2012 Statistical Abstract, table 172.
“We also assess the contribution of deinstitutionalization to growth in the U.S. prison population. We find no evidence of transinstitutionalization for any demographic groups for the period 1950–80. However, for the 20-year period 1980–2000, we find significant transinstitutionalization rates for all men and women, with a relatively large transinstitutionalization rate for men in comparison to women and the largest transinstitutionalization rate observed for white men. Our estimates suggest that 4–7 percent of incarceration growth between 1980 and 2000 is attributable to deinstitutionalization.” (“Assessing the Contribution of the Deinstitutionalization of the Mentally Ill to Growth in the U.S. Incarceration Rate,” Steven Raphael and Michael A. Stol, The Journal of Legal Studies , Vol. 42, No. 1)
See also “Deinstitutionalization: A Psychiatric “Titanic.”
Probably because “Since 2007, the US Department of Housing and Urban Development has issued an Annual Homeless Assessment Report, which revealed the number of individuals and families that were homeless, both sheltered and unsheltered.” (Wikipedia)
“the number of homeless people on a given night in January 10: 2023 was more than 650,000 according to the Department of Housing and Urban Development.”
“In 1990, the U.S. Census Bureau estimated the homeless population of the country to be 228,621 (or 0.09% of the 248,709,873 enumerated in the 1990 U.S. census) which homelessness advocates criticized as an undercount.”
The number of homeless people grew in the 1980s, nearly doubling from 1984 to 1987.

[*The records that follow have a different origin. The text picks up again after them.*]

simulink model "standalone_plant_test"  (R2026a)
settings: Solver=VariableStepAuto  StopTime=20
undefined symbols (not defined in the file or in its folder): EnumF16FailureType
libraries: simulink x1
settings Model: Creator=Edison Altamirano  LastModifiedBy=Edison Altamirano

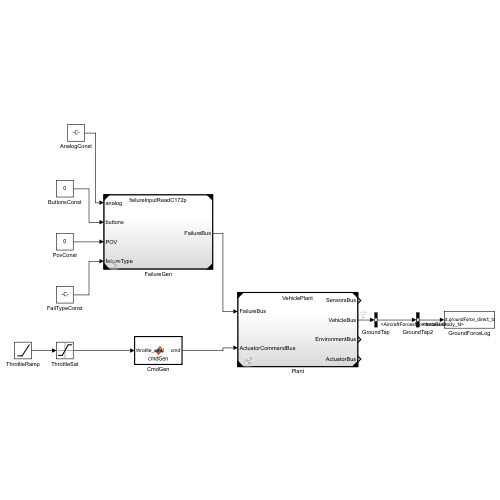
[thumbnail: Simulink's stored preview of the top-level diagram]
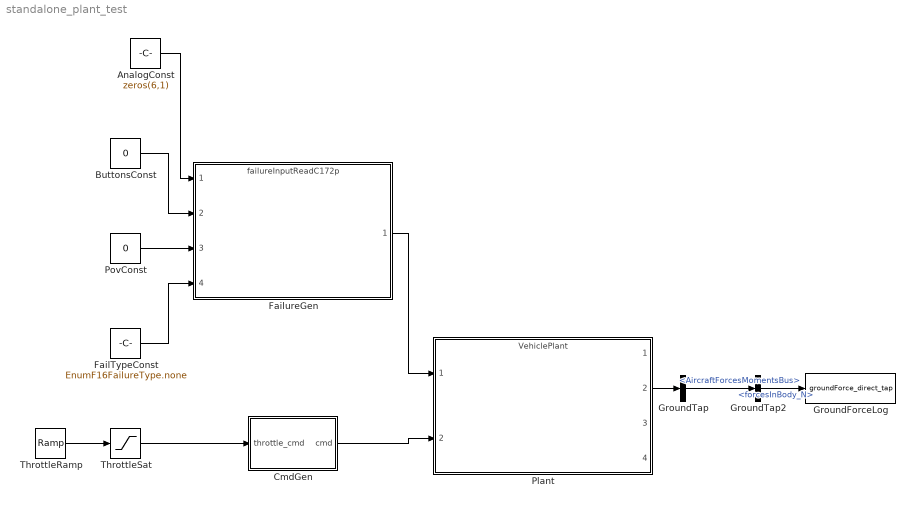
== system standalone_plant_test ==
  AnalogConst : Constant  Value=zeros(6,1)
  ButtonsConst : Constant  Value=0  OutDataTypeStr=uint32
  CmdGen : MATLAB Function  TreatAsAtomicUnit=on
  FailTypeConst : Constant  Value=EnumF16FailureType.none  OutDataTypeStr=Enum: EnumF16FailureType
  FailureGen : ModelReference  ModelNameDialog=failureInputReadC172p.slx  ModelReferenceVersion=1.18
  GroundForceLog : ToWorkspace  VariableName=groundForce_direct_tap  SaveFormat=Structure With Time
  GroundTap : BusSelector  OutputSignals=AircraftForcesMomentsBus
  GroundTap2 : BusSelector  OutputSignals=forcesInBody_N
  Plant : ModelReference  ModelNameDialog=VehiclePlant.slx  ModelReferenceVersion=5.12
  PovConst : Constant  Value=0
  ThrottleRamp : simulink/Sources/Ramp  slope=0.5  start=0  InitialOutput=0
  ThrottleSat : Saturate  UpperLimit=1  LowerLimit=0
  wires:
  AnalogConst/1 -> FailureGen/1
  ButtonsConst/1 -> FailureGen/2
  PovConst/1 -> FailureGen/3
  FailTypeConst/1 -> FailureGen/4
  FailureGen/1 -> Plant/1
  ThrottleRamp/1 -> ThrottleSat/1
  ThrottleSat/1 -> CmdGen/1(throttle_cmd)
  CmdGen/1(cmd) -> Plant/2
  Plant/2 -> GroundTap/1
  GroundTap/1 -> GroundTap2/1  "<AircraftForcesMomentsBus>"
  GroundTap2/1 -> GroundForceLog/1  "<forcesInBody_N>"

== matlab function standalone_plant_test/CmdGen ==
  data: throttle_cmd input; cmd output Bus: ActuatorCommandBus
function cmd = cmdGen(throttle_cmd)
%#codegen
cmd.controllerArmed = 1;
cmd.ServosCommandBus.ServosCommandFixedwingPlaneBus.cmdAileron_nd = 0;
cmd.ServosCommandBus.ServosCommandFixedwingPlaneBus.cmdElevator_nd = 0;
cmd.ServosCommandBus.ServosCommandFixedwingPlaneBus.cmdRudder_nd = 0;
cmd.EngineCommandBus.cmdThrottle_unit = throttle_cmd;
end
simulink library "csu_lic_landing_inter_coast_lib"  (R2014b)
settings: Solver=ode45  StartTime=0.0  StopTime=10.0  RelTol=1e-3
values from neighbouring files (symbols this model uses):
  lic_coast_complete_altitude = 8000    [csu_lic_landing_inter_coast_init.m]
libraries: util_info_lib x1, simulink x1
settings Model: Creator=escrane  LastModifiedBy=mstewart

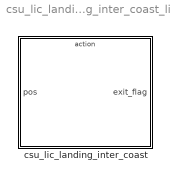
== system csu_lic_landing_inter_coast_lib ==
  csu_lic_landing_inter_coast : Subsystem  TreatAsAtomicUnit=on

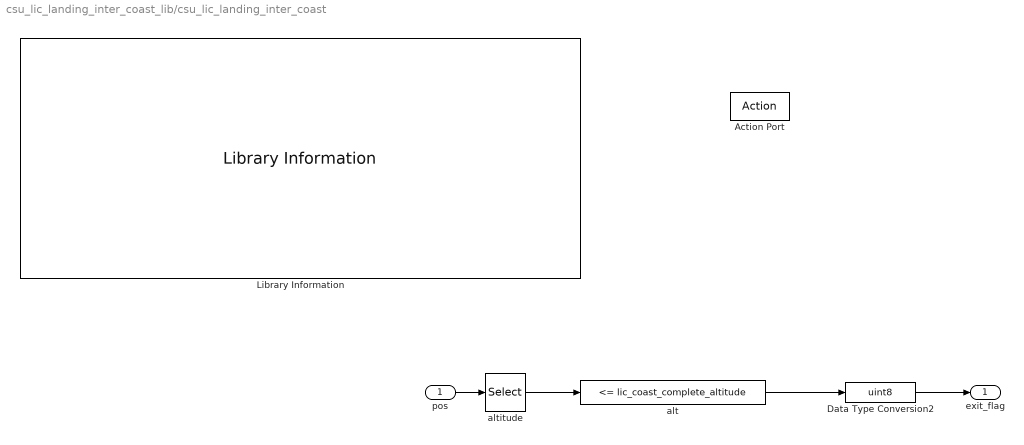
== system csu_lic_landing_inter_coast_lib/csu_lic_landing_inter_coast ==
  pos : Inport
  Action Port : ActionPort
  Data Type Conversion2 : DataTypeConversion  OutDataTypeStr=uint8
  Library Information : util_info_lib/Library Information  owner='NONE'
  alt : simulink/Logic and Bit Operations/Compare To Constant  relop=<=  const=lic_coast_complete_altitude  OutDataTypeStr=boolean
  altitude : Selector  InputPortWidth=3  Indices=[3]
  exit_flag : Outport  InitialOutput=0
  wires:
  Data Type Conversion2/1 -> exit_flag/1
  alt/1 -> Data Type Conversion2/1
  altitude/1 -> alt/1
  pos/1 -> altitude/1

The chronically homeless population (those with repeated episodes or who have been homeless for long periods) decreased from 175,914 in 2005 to 123,833 in 2007.[272] According to the 2017 AHAR (Annual Homeless Assessment Report) about 553,742 people experienced homelessness, which is a 1% increase from 2016.[273]
c. 1984 “The United States government determined that somewhere between 200,000 and 500,000 Americans were then homeless.”
(All from the same Wikipedia article)
Let me point out the in the rural and smaller (less than 30,000 maybe) suburban communities I am familiar with there are fewer homeless because we care about everyone and work hard to make sure everyone has a place to stay, even if they don't own a house or can afford rent. We treat individuals, not groups, because we know, more or less, the individuals concerned.
We don't virtue signal by putting in place useless but expensive programs that do little to nothing to fix the problem.
I have a former grad student who got her PhD while studying homeless policy. She was fairly liberal, but from a small town in a Blue area. She was appalled to find that she rarely met anyone 'studying' or teaching in homeless policy actually knew real homeless people. "How can they make policy if they aren't familiar with the people they're making policy for?" she asked me. I had to point out they got paid the same either way, and homeless people are "icky." She was quite disappointed.
The homeless are mobile. Wouldn't we expect them to congregate in the places most supportive of homelessness, regardless of what is causing it?